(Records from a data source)
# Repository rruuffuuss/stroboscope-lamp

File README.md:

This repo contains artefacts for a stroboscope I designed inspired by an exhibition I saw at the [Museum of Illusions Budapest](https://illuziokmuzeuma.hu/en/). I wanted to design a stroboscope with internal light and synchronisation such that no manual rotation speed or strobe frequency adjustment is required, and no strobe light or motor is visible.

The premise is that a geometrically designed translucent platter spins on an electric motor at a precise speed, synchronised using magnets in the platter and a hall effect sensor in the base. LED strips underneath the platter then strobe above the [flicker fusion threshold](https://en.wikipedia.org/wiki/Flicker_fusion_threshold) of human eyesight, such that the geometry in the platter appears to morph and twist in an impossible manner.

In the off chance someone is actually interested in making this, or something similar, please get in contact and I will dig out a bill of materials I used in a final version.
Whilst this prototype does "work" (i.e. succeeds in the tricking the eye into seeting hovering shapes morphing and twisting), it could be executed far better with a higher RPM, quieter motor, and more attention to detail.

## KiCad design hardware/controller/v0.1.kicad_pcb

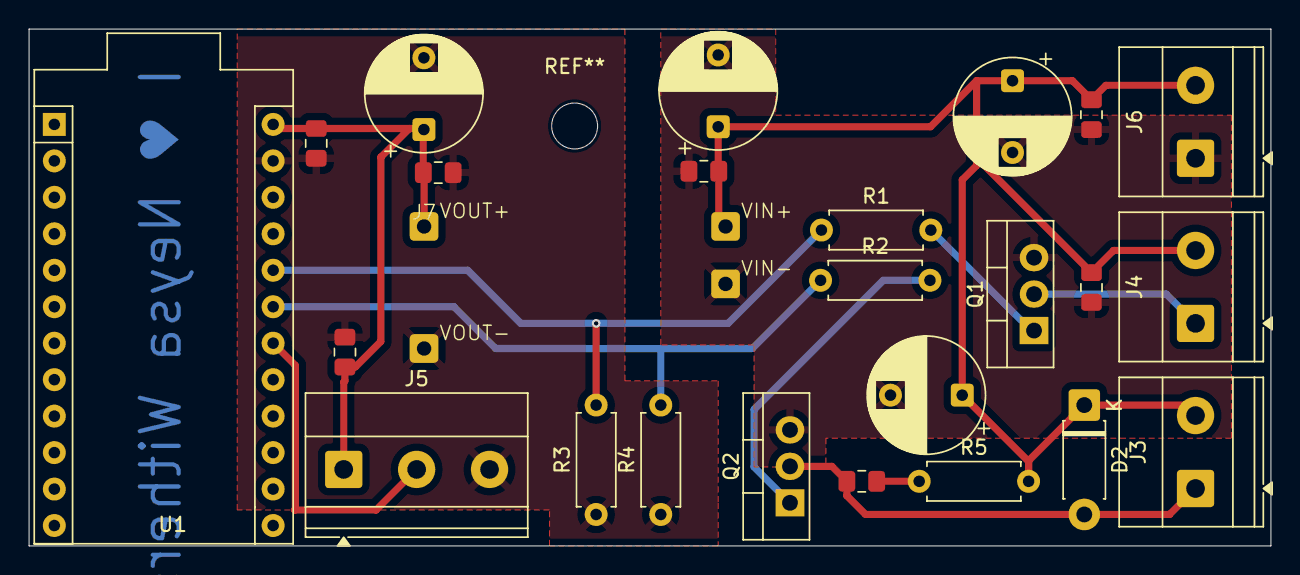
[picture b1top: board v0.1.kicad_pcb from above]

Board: 2 copper layers, 86.5 x 36.0 mm, 25 parts (0 on the bottom side), 12 nets.

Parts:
C_12V_100n_a1: 0.1 µF; C_0805_2012Metric_Pad1.18x1.45mm_HandSolder
C_12V_bulk1: 100 µF; CP_Radial_D8.0mm_P5.00mm
C_BUCK_IN_100n1: 0.1 µF; C_0805_2012Metric_Pad1.18x1.45mm_HandSolder
C_BUCK_IN_bulk1: 100 µF; CP_Radial_D8.0mm_P5.00mm
C_BUCK_OUT_100n1: 0.1 µF; C_0805_2012Metric_Pad1.18x1.45mm_HandSolder
C_BUCK_OUT_bulk1: 100 µF; CP_Radial_D8.0mm_P5.00mm
C_HALL_100n1: 0.1 µF; C_0805_2012Metric_Pad1.18x1.45mm_HandSolder
C_LED_IN_100n1: 0.1 µF; C_0805_2012Metric_Pad1.18x1.45mm_HandSolder
C_MOTOR_bulk1: 100 µF; CP_Radial_D8.0mm_P5.00mm
C_MOTOR_snub1: 0.1 µF; C_0805_2012Metric_Pad1.18x1.45mm_HandSolder
C_PM_100n1: 0.1 µF; C_0805_2012Metric_Pad1.18x1.45mm_HandSolder
D2: 1N5819; D_DO-41_SOD81_P7.62mm_Horizontal
J3, J4, J6: Screw_Terminal_01x02; TerminalBlock_Phoenix_MKDS-1,5-2-5.08_1x02_P5.08mm_Horizont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
J5: Screw_Terminal_01x03; TerminalBlock_Phoenix_MKDS-1,5-3-5.08_1x03_P5.08mm_Horizont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
J7: 12v_5v_BUCK; BuckConverter_Header_1x04_Custom
Q1, Q2: IRL540N; TO-220-3_Vertical
R1, R2: 220; R_Axial_DIN0207_L6.3mm_D2.5mm_P7.62mm_Horizontal
R3, R4: 10k; R_Axial_DIN0207_L6.3mm_D2.5mm_P7.62mm_Horizontal
R5: 100 Ω; R_Axial_DIN0207_L6.3mm_D2.5mm_P7.62mm_Horizontal
U1: Sparkfun_Pro_Micro

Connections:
/+5V: C_BUCK_OUT_100n1.2, C_BUCK_OUT_bulk1.1, C_HALL_100n1.2, C_PM_100n1.2, J5.1, J7.1, U1.24 (RAW)
/+12V: C_12V_100n_a1.2, C_12V_bulk1.1, C_BUCK_IN_100n1.2, C_BUCK_IN_bulk1.1, C_LED_IN_100n1.2, C_MOTOR_bulk1.1, D2.1 (K), J3.2, J4.2, J6.2, J7.3, R5.2
/GND1: C_12V_100n_a1.1, C_12V_bulk1.2, C_BUCK_IN_100n1.1, C_BUCK_IN_bulk1.2, C_LED_IN_100n1.1, C_MOTOR_bulk1.2, J6.1, J7.4, Q1.3 (S), Q2.3 (S)
/GND2: C_BUCK_OUT_100n1.1, C_BUCK_OUT_bulk1.2, C_HALL_100n1.1, C_PM_100n1.1, J5.3, J7.2, R3.1, R4.1, U1.23 (GND)
/LED_CTRL: R1.1, R3.2, U1.20 (D21/A3)
/MOTOR_CTRL: R2.1, R4.2, U1.19 (D20/A2)
/SNSR_READ: J5.2, U1.18 (D19/A1)
unnamed: C_MOTOR_snub1.1, R5.1
unnamed: C_MOTOR_snub1.2, D2.2 (A), J3.1, Q2.2 (D)
unnamed: J4.1, Q1.2 (D)
unnamed: Q1.1 (G), R1.2
unnamed: Q2.1 (G), R2.2

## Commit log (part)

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2025-07-20 cad: record platter.stl export
2025-07-26 cad: record platter (1).stl export
2025-07-26 cad: record stand.stl export
2025-07-27 cad: record Base 2.0.stl export
2025-07-29 cad: record platter final.stl export
2025-07-30 cad: record HollowPlatter.stl export
2025-08-06 hardware: record saved PCB layout
2025-08-06 hardware: vendor g200kg Arduino KiCad library with its CC0 license
2025-08-18 hardware: record saved footprint library table
2025-08-18 hardware: record saved custom footprint
2025-08-19 hardware: record saved KiCad project state
2025-08-22 hardware: record saved schematic
2025-08-23 hardware: record initial August 23 fabrication export
2025-08-23 hardware: retain 2025-08-23-drill-package manufacturing package
2025-08-23 hardware: retain 2025-08-23-package manufacturing package
2025-08-24 hardware: record PCB assembly STEP export
2025-08-31 hardware: record August 31 fabrication export
2025-08-31 hardware: retain 2025-08-31 manufacturing package
2025-08-31 cad: record platterp0.1.stl export
2025-09-02 cad: record platterp0.3.stl export
2025-09-03 cad: record frame_02.stl export
2025-09-23 cad: record Frame0.3.stl export
2025-09-25 cad: record FrameV0.4.stl export
2025-09-25 firmware: record Hall sensor serial test on pin 27
2025-09-25 firmware: retain commented LED experiment
2025-09-25 firmware: retain commented Hall sensor experiment
2025-09-28 cad: record FrameV05.stl export
2025-09-28 cad: record FrameV06.stl export
2025-09-28 cad: record FrameV07.stl export
2025-10-13 firmware: record motor and strobe controller

PROMPT: The lines from the beginning of the records through the line containing "This repo contains" should be reproduced exactly. Include nothing else.

REPLY TO THE TASK:
# Repository rruuffuuss/stroboscope-lamp

File README.md:

This repo contains artefacts for a stroboscope I designed inspired by an exhibition I saw at the [Museum of Illusions Budapest](https://illuziokmuzeuma.hu/en/). I wanted to design a stroboscope with internal light and synchronisation such that no manual rotation speed or strobe frequency adjustment is required, and no strobe light or motor is visible.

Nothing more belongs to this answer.